Pedro da Costa: Britain first.

Adam Posen: Britain first which is code as we know for a lot of things that for some people it's outright racism, for other people it's intolerance, for other people it's just resistance to change. Again, they're allowed, but we shouldn't pretend that just because they voted for it it's a good thing. It's a very bad thing.

Pedro da Costa: Sure. And there are also even implications for the United Kingdom itself, right?

Adam Posen: Yeah.

Pedro da Costa: Our colleague, Jacob Kirkegaard, was arguing that it might not hold together in a ten-year time span. How would that come apart?

Adam Posen: I think a lot of people recognize that. But Jacob deserves credit for being out in front and pointing out that a particular source of problem is the border between Northern Ireland and Ireland. That you've had an incredibly porous border as it should be to allow for the peace process in Ireland or the peace settlement and to allow the Northern Irish people to feel both part of the UK, but tied to Ireland.

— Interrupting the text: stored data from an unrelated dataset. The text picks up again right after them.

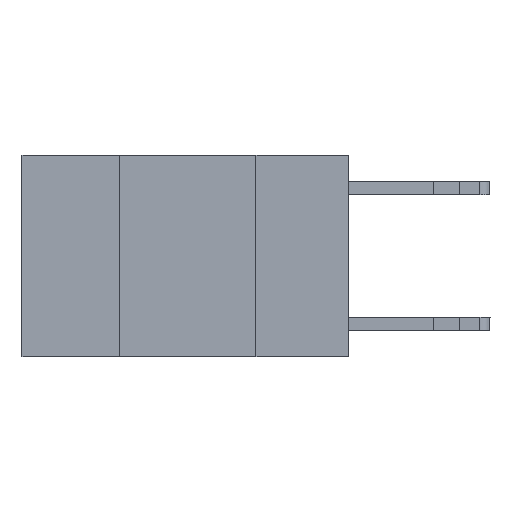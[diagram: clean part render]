
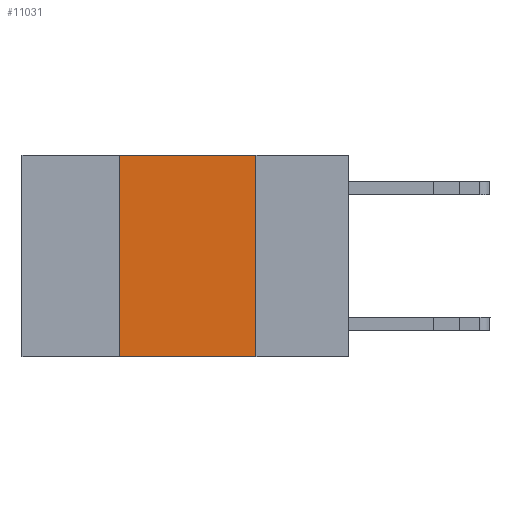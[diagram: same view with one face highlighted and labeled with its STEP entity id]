
A CAD part, left-side view. The second image highlights one B-rep face of the part: STEP entity #11031.
In plain terms, the highlighted planar face has unit normal (-1, 0, 0).
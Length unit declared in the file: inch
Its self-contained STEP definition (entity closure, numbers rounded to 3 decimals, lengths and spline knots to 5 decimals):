
#241 = ORIENTED_EDGE ( 'NONE', *, *, #4563, .F. ) ;
#983 = ORIENTED_EDGE ( 'NONE', *, *, #15779, .F. ) ;
#1421 = CARTESIAN_POINT ( 'NONE',  ( 0., 0.42, 0. ) ) ;
#1471 = EDGE_LOOP ( 'NONE', ( #241, #983, #2501, #2908 ) ) ;
#1594 = VERTEX_POINT ( 'NONE', #6369 ) ;
#1696 = VECTOR ( 'NONE', #14003, 39.37008 ) ;
#2501 = ORIENTED_EDGE ( 'NONE', *, *, #13370, .F. ) ;
#2760 = AXIS2_PLACEMENT_3D ( 'NONE', #18065, #8678, #19651 ) ;
#2908 = ORIENTED_EDGE ( 'NONE', *, *, #8104, .T. ) ;
#2911 = VECTOR ( 'NONE', #6107, 39.37008 ) ;
#2916 = DIRECTION ( 'NONE',  ( 0., -1., 0. ) ) ;
#2943 = CARTESIAN_POINT ( 'NONE',  ( 0., 0.17, 0. ) ) ;
#3900 = CARTESIAN_POINT ( 'NONE',  ( 0., 0.17, -0.37 ) ) ;
#4563 = EDGE_CURVE ( 'NONE', #16386, #9035, #11778, .T. ) ;
#5902 = LINE ( 'NONE', #1421, #1696 ) ;
#6107 = DIRECTION ( 'NONE',  ( 0., 0., -1. ) ) ;
#6369 = CARTESIAN_POINT ( 'NONE',  ( 0., 0.42, -0.37 ) ) ;
#6842 = DIRECTION ( 'NONE',  ( 0., -1., 0. ) ) ;
#6984 = VECTOR ( 'NONE', #6842, 39.37008 ) ;
#8104 = EDGE_CURVE ( 'NONE', #1594, #9035, #11664, .T. ) ;
#8678 = DIRECTION ( 'NONE',  ( 1., 0., 0. ) ) ;
#9035 = VERTEX_POINT ( 'NONE', #3900 ) ;
#11031 = ADVANCED_FACE ( 'NONE', ( #13033 ), #11794, .F. ) ;
#11664 = LINE ( 'NONE', #17789, #6984 ) ;
#11778 = LINE ( 'NONE', #2943, #2911 ) ;
#11794 = PLANE ( 'NONE',  #2760 ) ;
#12103 = CARTESIAN_POINT ( 'NONE',  ( 0., 0.17, 0. ) ) ;
#13033 = FACE_OUTER_BOUND ( 'NONE', #1471, .T. ) ;
#13107 = VERTEX_POINT ( 'NONE', #19432 ) ;
#13370 = EDGE_CURVE ( 'NONE', #1594, #13107, #5902, .T. ) ;
#13876 = LINE ( 'NONE', #13882, #17077 ) ;
#13882 = CARTESIAN_POINT ( 'NONE',  ( 0., 0.6, 0. ) ) ;
#14003 = DIRECTION ( 'NONE',  ( 0., 0., 1. ) ) ;
#15779 = EDGE_CURVE ( 'NONE', #13107, #16386, #13876, .T. ) ;
#16386 = VERTEX_POINT ( 'NONE', #12103 ) ;
#17077 = VECTOR ( 'NONE', #2916, 39.37008 ) ;
#17789 = CARTESIAN_POINT ( 'NONE',  ( 0., 0.6, -0.37 ) ) ;
#18065 = CARTESIAN_POINT ( 'NONE',  ( 0., 0.6, 0. ) ) ;
#19432 = CARTESIAN_POINT ( 'NONE',  ( 0., 0.42, 0. ) ) ;
#19651 = DIRECTION ( 'NONE',  ( 0., 0., -1. ) ) ;

That's now going to have to become a real border. And that's not only going to have big economic effects on a lot of people including most of Northern Ireland people who are very poor. But it will disrupt the political settlement. And we've seen [inaudible 0:08:42] come out and say this means we have got to reopen the question of unifying Ireland. We know in Scotland the First Minister has come out and said this reopens the question of referendum for Scottish independence because Scotland voted enormously to stay in the EU and was overwhelmed by the votes in Middle England.

The UK can't really hold together if once you go down this road of saying I'm here for my own little narrowly defined ethnicity and locality. It is a United Kingdom of four nations. And you go down that route both in practical economic terms putting pressure on you, but also political principle. It's not going to hold. This is -- this is really sad.

Pedro da Costa: Yeah. And lastly but importantly, I wanted to ask you about the practical implications. I mean, I think, people are very worried within Europe and outside people with family there. How is this going to affect travel and visas and working arrangements? Do you think it will be a slow kind of drip for figuring out how this is going to work?

Adam Posen: I think in some ways it's going to be a slow drip for your standard American tourist or even for your standard European visitor to the UK. It's not going to change because the UK has been outside of the so-called Schengen Agreement. You show a passport to get in and out.

But for the literally millions of people who either are European Union migrants living and working in the UK or working part-time being employed by companies that have relations with the UK and just people who have made their lives there, this is going to create huge uncertainty.

And again, it is similar in scary ways, although I hope far less so than the Trump statements about Mexican-Americans and others and people undocumented, but long-time resident people in the US. That if you really want to push this policy you're going to have to send incredibly intrusive police around and military around rousting human beings out of long-standing familial relationships and economic relationships part in society on a very large scale.

I am not expecting the UK to do that. But I do think that the fear of that kind of thing until this gets resolved for the couple million Europeans working in the UK is very real. And it's a very damaging effect not just on economics but on that society.

Pedro da Costa: Adam Posen, thank you so much for joining me on this momentous and somber morning.

Adam Posen: Very somber. Thank you, Pedro.